Hoge Raad, 22-09-2023, ECLI:NL:HR:2023:1286, 23/00371
Hoge Raad, 22-09-2023, ECLI:NL:HR:2023:1286, 23/00371
Gegevens
- Instantie
- Hoge Raad
- Datum uitspraak
- 22 september 2023
- Datum publicatie
- 22 september 2023
- ECLI
- ECLI:NL:HR:2023:1286
- Formele relaties
- In sprongcassatie op: ECLI:NL:RBZWB:2022:7883
- Zaaknummer
- 23/00371
Inhoudsindicatie
HR: 81.1 RO.
Uitspraak
HOGE RAAD DER NEDERLANDEN
BELASTINGKAMER
Nummer 23/00371
Datum 22 september 2023
ARREST
in de zaak van
[X] (hierna: belanghebbende)
tegen
de STAATSSECRETARIS VAN FINANCIËN
op het beroep in cassatie tegen de uitspraak van de Rechtbank Zeeland-West-Brabant van 22 december 2022, nr. BRE 21/56121, op het verzet van belanghebbende tegen de uitspraak van de Rechtbank van 15 april 2022.
1 Geding in cassatie
Belanghebbende heeft tegen de uitspraak van de Rechtbank op het verzet beroep in cassatie ingesteld.
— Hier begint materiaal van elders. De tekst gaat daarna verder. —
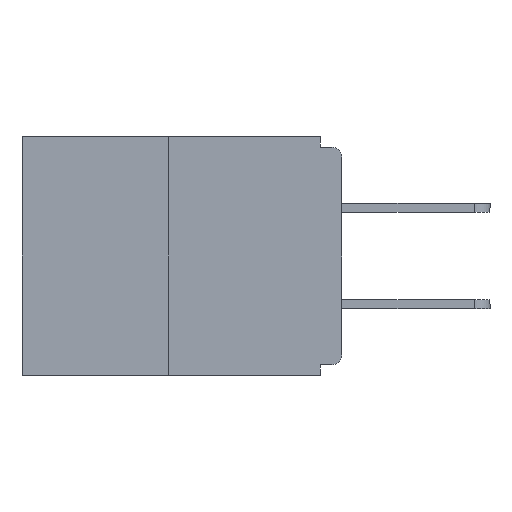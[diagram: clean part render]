
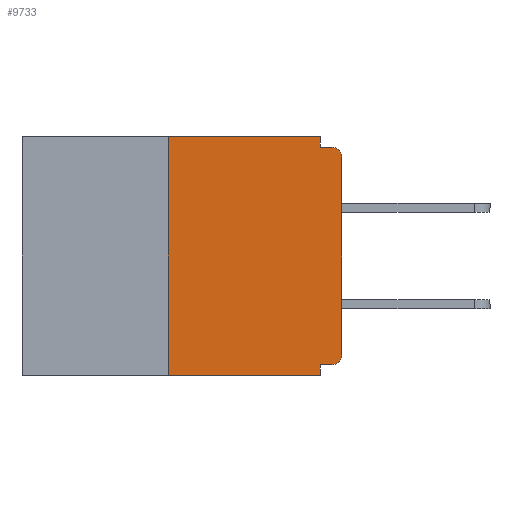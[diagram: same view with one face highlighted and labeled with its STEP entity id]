
A CAD part, left-side view. The second image highlights one B-rep face of the part: STEP entity #9733.
In plain terms, the highlighted planar face has unit normal (-1, 0, 0).
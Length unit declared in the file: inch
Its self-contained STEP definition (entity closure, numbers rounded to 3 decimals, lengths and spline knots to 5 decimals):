
#170 = AXIS2_PLACEMENT_3D ( 'NONE', #9859, #3199, #1623 ) ;
#359 = VERTEX_POINT ( 'NONE', #12290 ) ;
#391 = DIRECTION ( 'NONE',  ( 0., -1., 0. ) ) ;
#637 = ORIENTED_EDGE ( 'NONE', *, *, #3640, .F. ) ;
#648 = EDGE_CURVE ( 'NONE', #1010, #10668, #15892, .T. ) ;
#776 = VERTEX_POINT ( 'NONE', #17106 ) ;
#1010 = VERTEX_POINT ( 'NONE', #3255 ) ;
#1309 = VERTEX_POINT ( 'NONE', #16900 ) ;
#1365 = ORIENTED_EDGE ( 'NONE', *, *, #20523, .F. ) ;
#1623 = DIRECTION ( 'NONE',  ( 0., 0., -1. ) ) ;
#2095 = CARTESIAN_POINT ( 'NONE',  ( 0., 0.031, 0. ) ) ;
#2118 = LINE ( 'NONE', #3176, #19887 ) ;
#2303 = VECTOR ( 'NONE', #10626, 39.37008 ) ;
#2878 = CARTESIAN_POINT ( 'NONE',  ( 0., 0.015, -0.313 ) ) ;
#3133 = EDGE_CURVE ( 'NONE', #4083, #776, #5860, .T. ) ;
#3176 = CARTESIAN_POINT ( 'NONE',  ( 0., 0.25, 0. ) ) ;
#3199 = DIRECTION ( 'NONE',  ( 1., 0., 0. ) ) ;
#3217 = CARTESIAN_POINT ( 'NONE',  ( 0., 0., 0. ) ) ;
#3255 = CARTESIAN_POINT ( 'NONE',  ( 0., 0.25, 0. ) ) ;
#3640 = EDGE_CURVE ( 'NONE', #10668, #4083, #11732, .T. ) ;
#3671 = DIRECTION ( 'NONE',  ( -1., 0., 0. ) ) ;
#3872 = CARTESIAN_POINT ( 'NONE',  ( 0., 0., -0.03 ) ) ;
#3895 = CIRCLE ( 'NONE', #19316, 0.015 ) ;
#4083 = VERTEX_POINT ( 'NONE', #10293 ) ;
#4174 = VERTEX_POINT ( 'NONE', #3872 ) ;
#4729 = LINE ( 'NONE', #15599, #2303 ) ;
#5410 = DIRECTION ( 'NONE',  ( 0., 0., -1. ) ) ;
#5860 = LINE ( 'NONE', #8936, #14451 ) ;
#6235 = CARTESIAN_POINT ( 'NONE',  ( 0., 0.031, 0. ) ) ;
#6411 = DIRECTION ( 'NONE',  ( 0., 0., 1. ) ) ;
#6548 = LINE ( 'NONE', #13476, #15958 ) ;
#7095 = ORIENTED_EDGE ( 'NONE', *, *, #648, .F. ) ;
#7686 = EDGE_CURVE ( 'NONE', #1309, #359, #14772, .T. ) ;
#8007 = CARTESIAN_POINT ( 'NONE',  ( 0., 0.031, -0.343 ) ) ;
#8936 = CARTESIAN_POINT ( 'NONE',  ( 0., 0., -0.015 ) ) ;
#9035 = VECTOR ( 'NONE', #19937, 39.37008 ) ;
#9733 = ADVANCED_FACE ( 'NONE', ( #11466 ), #22025, .F. ) ;
#9859 = CARTESIAN_POINT ( 'NONE',  ( 0., 0.46, 0. ) ) ;
#10293 = CARTESIAN_POINT ( 'NONE',  ( 0., 0.031, -0.015 ) ) ;
#10626 = DIRECTION ( 'NONE',  ( 0., -1., 0. ) ) ;
#10668 = VERTEX_POINT ( 'NONE', #2095 ) ;
#11333 = ORIENTED_EDGE ( 'NONE', *, *, #17523, .T. ) ;
#11424 = VERTEX_POINT ( 'NONE', #14094 ) ;
#11466 = FACE_OUTER_BOUND ( 'NONE', #14850, .T. ) ;
#11549 = DIRECTION ( 'NONE',  ( 0., 0., -1. ) ) ;
#11732 = LINE ( 'NONE', #6235, #9035 ) ;
#12290 = CARTESIAN_POINT ( 'NONE',  ( 0., 0.031, -0.343 ) ) ;
#12547 = CARTESIAN_POINT ( 'NONE',  ( 0., 0.015, -0.03 ) ) ;
#12589 = EDGE_CURVE ( 'NONE', #15091, #359, #4729, .T. ) ;
#12700 = ORIENTED_EDGE ( 'NONE', *, *, #3133, .F. ) ;
#12919 = DIRECTION ( 'NONE',  ( 0., -1., 0. ) ) ;
#12942 = VECTOR ( 'NONE', #12919, 39.37008 ) ;
#12947 = VERTEX_POINT ( 'NONE', #16344 ) ;
#13476 = CARTESIAN_POINT ( 'NONE',  ( 0., 0., -0.328 ) ) ;
#13532 = ORIENTED_EDGE ( 'NONE', *, *, #12589, .T. ) ;
#14094 = CARTESIAN_POINT ( 'NONE',  ( 0., 0., -0.313 ) ) ;
#14451 = VECTOR ( 'NONE', #391, 39.37008 ) ;
#14685 = ORIENTED_EDGE ( 'NONE', *, *, #18460, .T. ) ;
#14772 = LINE ( 'NONE', #8007, #18258 ) ;
#14850 = EDGE_LOOP ( 'NONE', ( #7095, #1365, #13532, #20748, #18153, #14685, #19493, #11333, #12700, #637 ) ) ;
#14884 = DIRECTION ( 'NONE',  ( -1., 0., 0. ) ) ;
#15091 = VERTEX_POINT ( 'NONE', #15263 ) ;
#15184 = DIRECTION ( 'NONE',  ( 0., 1., 0. ) ) ;
#15263 = CARTESIAN_POINT ( 'NONE',  ( 0., 0.25, -0.343 ) ) ;
#15543 = EDGE_CURVE ( 'NONE', #11424, #4174, #21866, .T. ) ;
#15599 = CARTESIAN_POINT ( 'NONE',  ( 0., 0.46, -0.343 ) ) ;
#15892 = LINE ( 'NONE', #21027, #12942 ) ;
#15958 = VECTOR ( 'NONE', #15184, 39.37008 ) ;
#16344 = CARTESIAN_POINT ( 'NONE',  ( 0., 0.015, -0.328 ) ) ;
#16611 = DIRECTION ( 'NONE',  ( 0., 0., -1. ) ) ;
#16900 = CARTESIAN_POINT ( 'NONE',  ( 0., 0.031, -0.328 ) ) ;
#17059 = EDGE_CURVE ( 'NONE', #12947, #1309, #6548, .T. ) ;
#17106 = CARTESIAN_POINT ( 'NONE',  ( 0., 0.015, -0.015 ) ) ;
#17523 = EDGE_CURVE ( 'NONE', #4174, #776, #3895, .T. ) ;
#18019 = AXIS2_PLACEMENT_3D ( 'NONE', #2878, #14884, #16611 ) ;
#18153 = ORIENTED_EDGE ( 'NONE', *, *, #17059, .F. ) ;
#18258 = VECTOR ( 'NONE', #11549, 39.37008 ) ;
#18460 = EDGE_CURVE ( 'NONE', #12947, #11424, #21907, .T. ) ;
#18920 = DIRECTION ( 'NONE',  ( 0., 0., 1. ) ) ;
#19316 = AXIS2_PLACEMENT_3D ( 'NONE', #12547, #3671, #5410 ) ;
#19493 = ORIENTED_EDGE ( 'NONE', *, *, #15543, .T. ) ;
#19887 = VECTOR ( 'NONE', #6411, 39.37008 ) ;
#19937 = DIRECTION ( 'NONE',  ( 0., 0., -1. ) ) ;
#20523 = EDGE_CURVE ( 'NONE', #15091, #1010, #2118, .T. ) ;
#20748 = ORIENTED_EDGE ( 'NONE', *, *, #7686, .F. ) ;
#21027 = CARTESIAN_POINT ( 'NONE',  ( 0., 0.46, 0. ) ) ;
#21614 = VECTOR ( 'NONE', #18920, 39.37008 ) ;
#21866 = LINE ( 'NONE', #3217, #21614 ) ;
#21907 = CIRCLE ( 'NONE', #18019, 0.015 ) ;
#22025 = PLANE ( 'NONE',  #170 ) ;

De Staatssecretaris, vertegenwoordigd door [P], heeft een verweerschrift ingediend.
Belanghebbende heeft een conclusie van repliek ingediend.
2 Beoordeling van de klachten
De Hoge Raad heeft de klachten over de uitspraak van de Rechtbank beoordeeld. De uitkomst hiervan is dat deze klachten niet kunnen leiden tot vernietiging van die uitspraak. De Hoge Raad hoeft niet te motiveren waarom hij tot dit oordeel is gekomen. Bij de beoordeling van deze klachten is het namelijk niet nodig om antwoord te geven op vragen die van belang zijn voor de eenheid of de ontwikkeling van het recht (zie artikel 81, lid 1, van de Wet op de rechterlijke organisatie).
3 Proceskosten
De Hoge Raad ziet geen aanleiding voor een veroordeling in de proceskosten.